• [Aim of the task]:
The response must reproduce exactly every line of the material below holding the word "stroke".

• [Information provided]:
· · · · ·
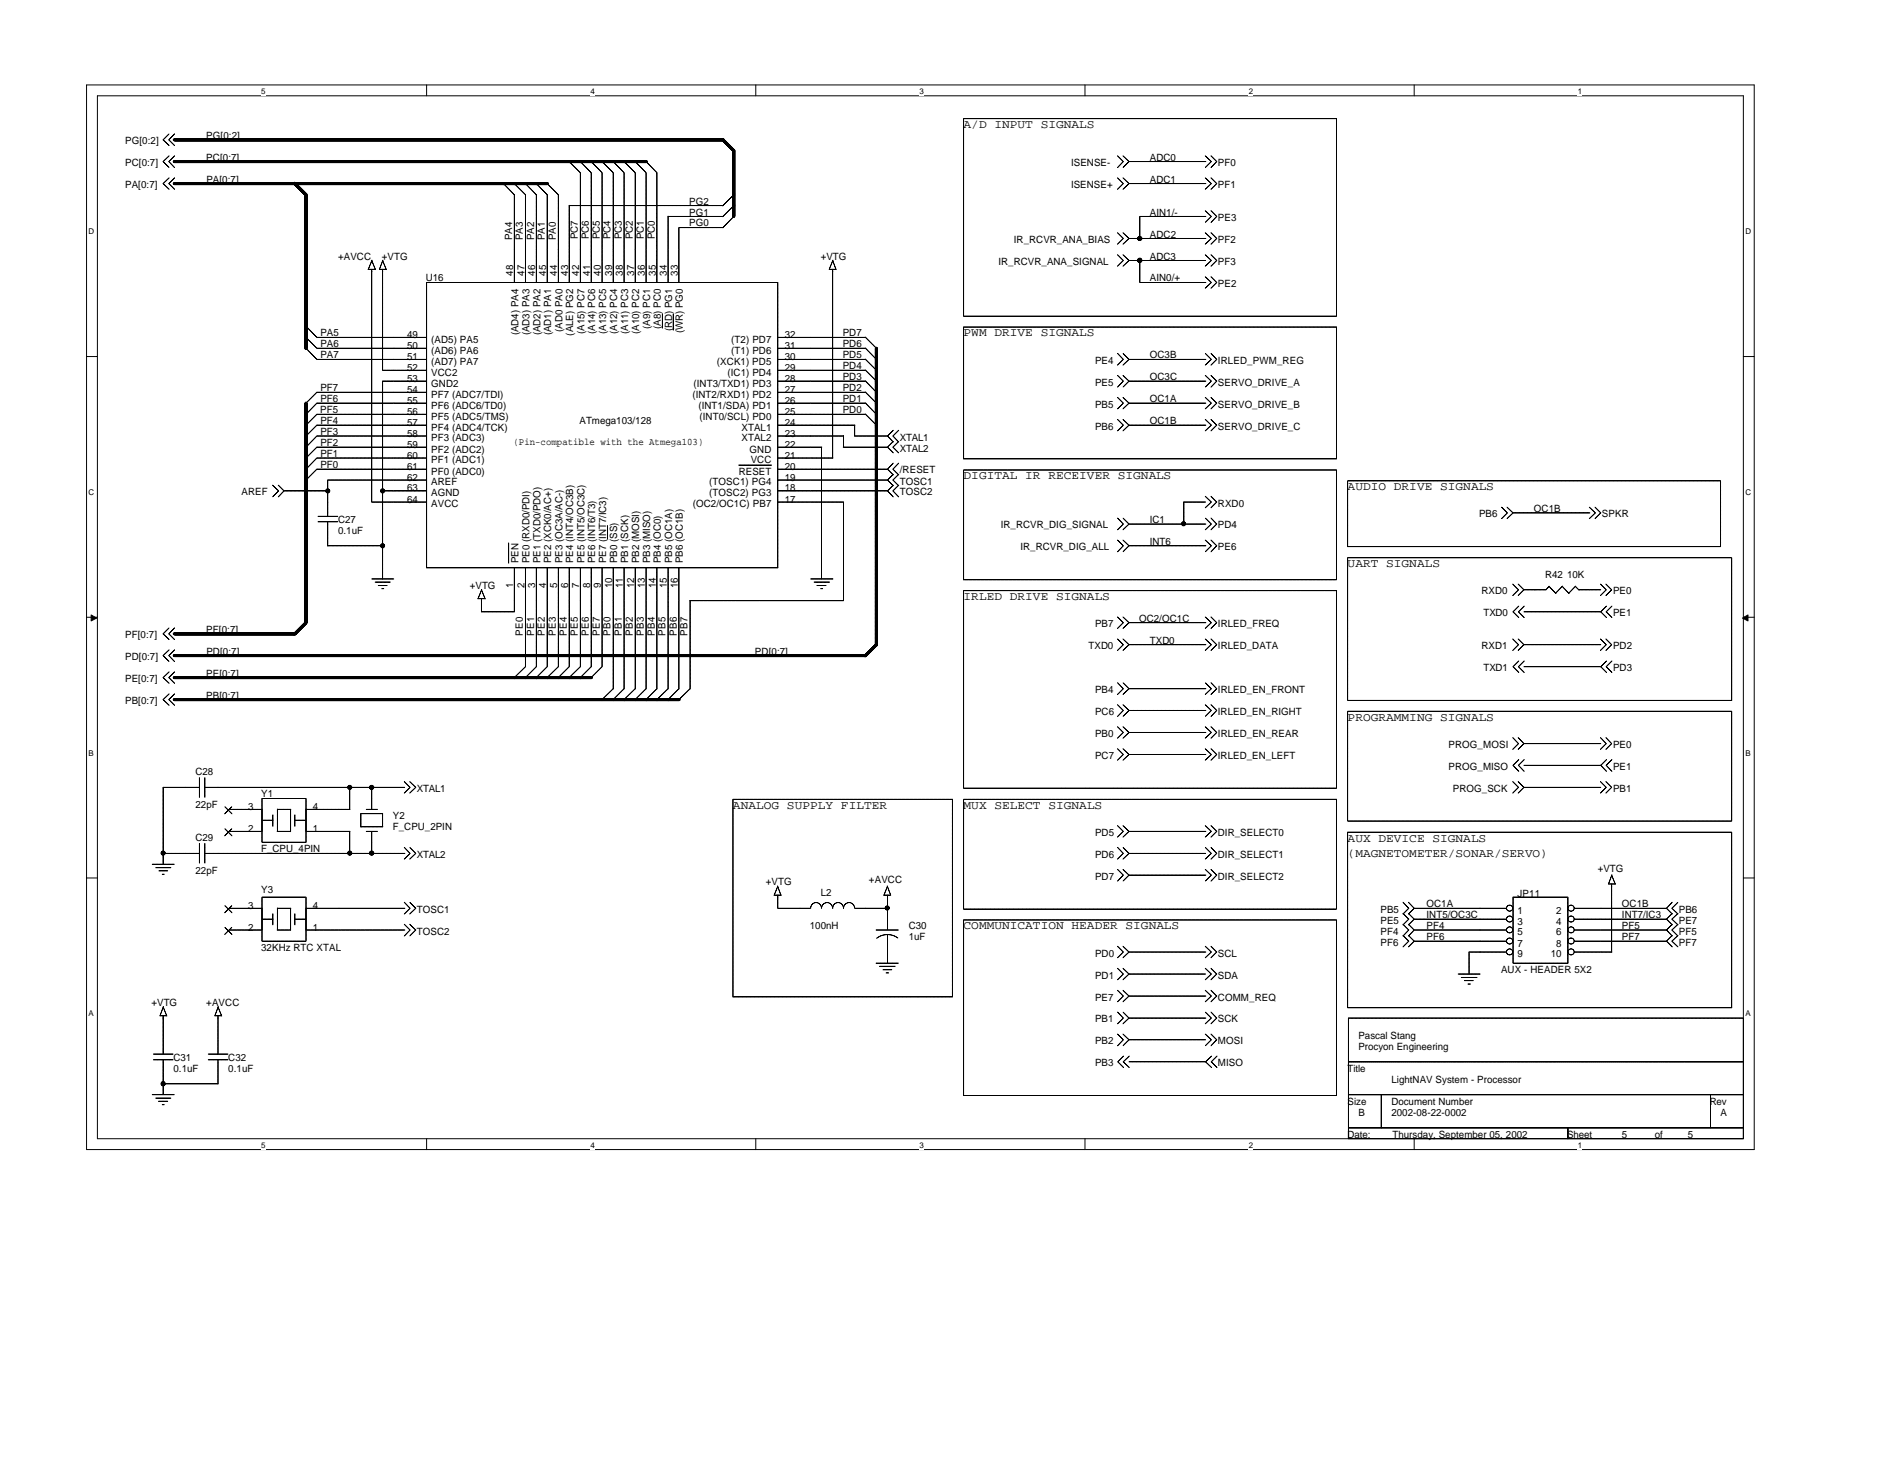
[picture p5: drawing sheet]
<svg xmlns="http://www.w3.org/2000/svg" width="279mm" height="216mm" viewBox="0 0 279 216" stroke-linecap="round" stroke-linejoin="round" font-family="sans-serif">
<path d="M12.8 12.6h247.1v157.6h-247.1zM14.4 14.2h243.9v154.4h-243.9z" fill="none" stroke="#000" stroke-width=".15"/>
<g fill="#fff">
<path d="M38.7 12.9h.6v1.3h-.6z"/>
<path d="M38.7 168.9h.6v1.3h-.6z"/>
</g>
<path d="M63.2 12.6v1.6M63.2 168.6v1.6" fill="none" stroke="#000" stroke-width=".15"/>
<g fill="#fff">
<path d="M87.5 12.9h.6v1.3h-.6z"/>
<path d="M87.5 168.9h.6v1.3h-.6z"/>
</g>
<path d="M112 12.6v1.6M112 168.6v1.6" fill="none" stroke="#000" stroke-width=".15"/>
<g fill="#fff">
<path d="M136.2 12.9h.6v1.3h-.6z"/>
<path d="M136.2 168.9h.6v1.3h-.6z"/>
</g>
<path d="M160.7 12.6v1.6M160.7 168.6v1.6" fill="none" stroke="#000" stroke-width=".15"/>
<g fill="#fff">
<path d="M185 12.9h.6v1.3h-.6z"/>
<path d="M185 168.9h.6v1.3h-.6z"/>
</g>
<path d="M209.5 12.6v1.6M209.5 168.6v1.6" fill="none" stroke="#000" stroke-width=".15"/>
<g fill="#fff">
<path d="M233.8 12.9h.6v1.3h-.6z"/>
<path d="M233.8 168.9h.6v1.3h-.6z"/>
<path d="M13.1 33.6h.8v1.3h-.8z"/>
<path d="M258.6 33.6h.8v1.3h-.8z"/>
<path d="M13.1 72.2h.8v1.3h-.8z"/>
<path d="M258.6 72.2h.8v1.3h-.8z"/>
</g>
<path d="M12.8 52.8h1.6M258.3 52.8h1.6" fill="none" stroke="#000" stroke-width=".15"/>
<g fill="#fff">
<path d="M13.1 110.8h.7v1.3h-.7z"/>
<path d="M258.6 110.8h.7v1.3h-.7z"/>
</g>
<path d="M12.8 91.4h1.6M258.3 91.4h1.6" fill="none" stroke="#000" stroke-width=".15"/>
<g fill="#000" stroke="#000" stroke-width=".15">
<path d="M13.5 91.1l.8 .4-.8 .4z" fill-rule="evenodd"/>
<path d="M258.1 91.5l.9-.4v.8z" fill-rule="evenodd"/>
</g>
<g fill="#fff">
<path d="M13.1 149.4h.7v1.3h-.7z"/>
<path d="M258.6 149.4h.7v1.3h-.7z"/>
</g>
<g fill="none" stroke="#000" stroke-width=".15">
<path d="M25.1 19.8l-.9 .9 .9 .9M25.9 19.8l-.9 .9 .9 .9M142.7 17.6h55.3v29.2h-55.3zM25.1 26.3l-.9 .9 .9 .8M25.1 23.1l-.9 .8 .9 .9M25.9 26.3l-.9 .9 .9 .8M25.9 23.1l-.9 .8 .9 .9M54.5 39.9h1.1M55.1 39.9v34.4h8.1M55.1 38.6l.5 1.3M55.1 38.5l-.5 1.4M56.2 39.9h1"/>
<path d="M56.7 39.9v14.9M56.7 38.6l.5 1.3M56.7 38.5l-.5 1.4M74.5 27.1l1.7 1.7M76.2 27.1l1.6 1.7M76.2 28.8v13M77.8 27.1l1.7 1.7M77.8 28.8v13M79.4 27.1l1.7 1.7M79.5 28.8v13M81 27.1l1.7 1.7v13M81.1 28.8v13"/>
<path d="M84.3 23.9l1.7 1.7v16.2M84.3 30.4v11.4M84.3 30.4h22.8M85.9 23.9l1.7 1.7v16.2M87.5 23.9l1.7 1.7v16.2M89.1 23.9l1.7 1.7v16.2M90.8 23.9l1.7 1.7v16.2M92.4 23.9l1.7 1.7v16.2M94.1 23.9l1.6 1.7v16.2M95.7 23.9l1.6 1.7v16.2M99 32v9.8M99 32.1h8.1"/>
<path d="M100.6 33.7v8.1M100.6 33.7h6.5M108.7 32.1l-1.6 1.6M108.7 30.4l-1.6 1.7M108.7 28.8l-1.6 1.7M122.8 39.9h1M123.4 39.9v27.9M123.4 38.6l.5 1.3M123.4 38.5l-.6 1.4M165.6 37.7l.8 .9-.8 .8M165.6 34.5l.8 .8-.8 .9M165.6 26.3l.8 .9-.8 .8"/>
<path d="M165.6 23.1l.8 .8-.8 .9M166.4 37.7l.9 .9-.9 .8M166.4 34.5l.9 .8M166.4 26.3l.9 .9M166.4 23.1l.9 .8M167.2 38.6h11.4M167.3 35.3l-.9 .9M167.3 27.2l-.9 .8M167.3 23.9l-.9 .9M167.3 23.9h11.3M167.3 27.2h11.3M167.3 35.3h11.3"/>
<path d="M168.9 32.1h9.7M168.9 32v3.3M168.9 38.6v3.3M178.6 23.1l.8 .8-.8 .9M178.6 26.3l.8 .9-.8 .8M178.6 34.5l.8 .8-.8 .9M178.6 37.7l.8 .9-.8 .8M178.6 31.2l.8 .9-.8 .8M179.4 23.1l.8 .8-.8 .9M179.4 26.3l.8 .9-.8 .8M179.4 34.5l.8 .8-.8 .9M179.4 37.7l.8 .9-.8 .8"/>
<path d="M179.4 31.2l.8 .9-.8 .8M45.3 51.5l1.6 1.7h16.3M45.3 49.9l1.6 1.7h16.3M45.3 48.3l1.6 1.7h16.3M56.6 56.4h6.6M56.6 54.8h6.6M56.7 56.4v29.4M63.2 41.8h52v42.3h-52zM63.2 59.7h-16.3l-1.6 1.7M63.2 58.1h-16.3l-1.6 1.6M98.1 46.5v2.1M99.7 46.5v2.4"/>
<path d="M115.2 59.7h13.1M115.2 58.1h13.1M115.2 56.4h13.1M115.2 54.8h13.1M115.2 53.2h13.1M115.2 51.6h13.1M115.2 50h13.1M128.2 49.9l1.6 1.7M128.2 51.5l1.6 1.7M128.2 53.2l1.6 1.6M128.2 54.8l1.6 1.6M128.2 56.4l1.6 1.7"/>
<path d="M128.2 58l1.6 1.7M128.2 59.7l1.6 1.6M142.7 48.4h55.3v19.5h-55.3zM165.6 55.6l.8 .8-.8 .9M165.6 52.3l.8 .9-.8 .9M165.6 58.8l.8 .9-.8 .8M166.4 55.6l.9 .8M166.4 52.3l.9 .9M166.4 58.8l.9 .9M167.3 56.4l-.9 .9M167.3 53.2l-.9 .9M167.3 59.7l-.9 .8"/>
<path d="M167.3 59.7h11.3M167.3 56.4h11.3M167.3 53.2h11.3M168.9 41.8h9.7M178.6 55.6l.8 .8-.8 .9M178.6 41l.8 .8-.8 .9M178.6 52.3l.8 .9-.8 .9M178.6 58.8l.8 .9-.8 .8M179.4 55.6l.8 .8-.8 .9M179.4 41l.8 .8-.8 .9M179.4 52.3l.8 .9-.8 .9M179.4 58.8l.8 .9-.8 .8"/>
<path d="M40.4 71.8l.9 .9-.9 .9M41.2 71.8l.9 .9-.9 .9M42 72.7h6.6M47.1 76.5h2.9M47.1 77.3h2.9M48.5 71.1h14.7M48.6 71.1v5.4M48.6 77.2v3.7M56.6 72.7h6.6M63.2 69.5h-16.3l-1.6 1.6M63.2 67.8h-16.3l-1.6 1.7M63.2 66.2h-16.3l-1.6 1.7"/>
· · · · ·
• [Response area]:
<svg xmlns="http://www.w3.org/2000/svg" width="279mm" height="216mm" viewBox="0 0 279 216" stroke-linecap="round" stroke-linejoin="round" font-family="sans-serif">
<path d="M12.8 12.6h247.1v157.6h-247.1zM14.4 14.2h243.9v154.4h-243.9z" fill="none" stroke="#000" stroke-width=".15"/>
<path d="M63.2 12.6v1.6M63.2 168.6v1.6" fill="none" stroke="#000" stroke-width=".15"/>
<path d="M112 12.6v1.6M112 168.6v1.6" fill="none" stroke="#000" stroke-width=".15"/>
<path d="M160.7 12.6v1.6M160.7 168.6v1.6" fill="none" stroke="#000" stroke-width=".15"/>
<path d="M209.5 12.6v1.6M209.5 168.6v1.6" fill="none" stroke="#000" stroke-width=".15"/>
<path d="M12.8 52.8h1.6M258.3 52.8h1.6" fill="none" stroke="#000" stroke-width=".15"/>
<path d="M12.8 91.4h1.6M258.3 91.4h1.6" fill="none" stroke="#000" stroke-width=".15"/>
<g fill="#000" stroke="#000" stroke-width=".15">
<g fill="none" stroke="#000" stroke-width=".15">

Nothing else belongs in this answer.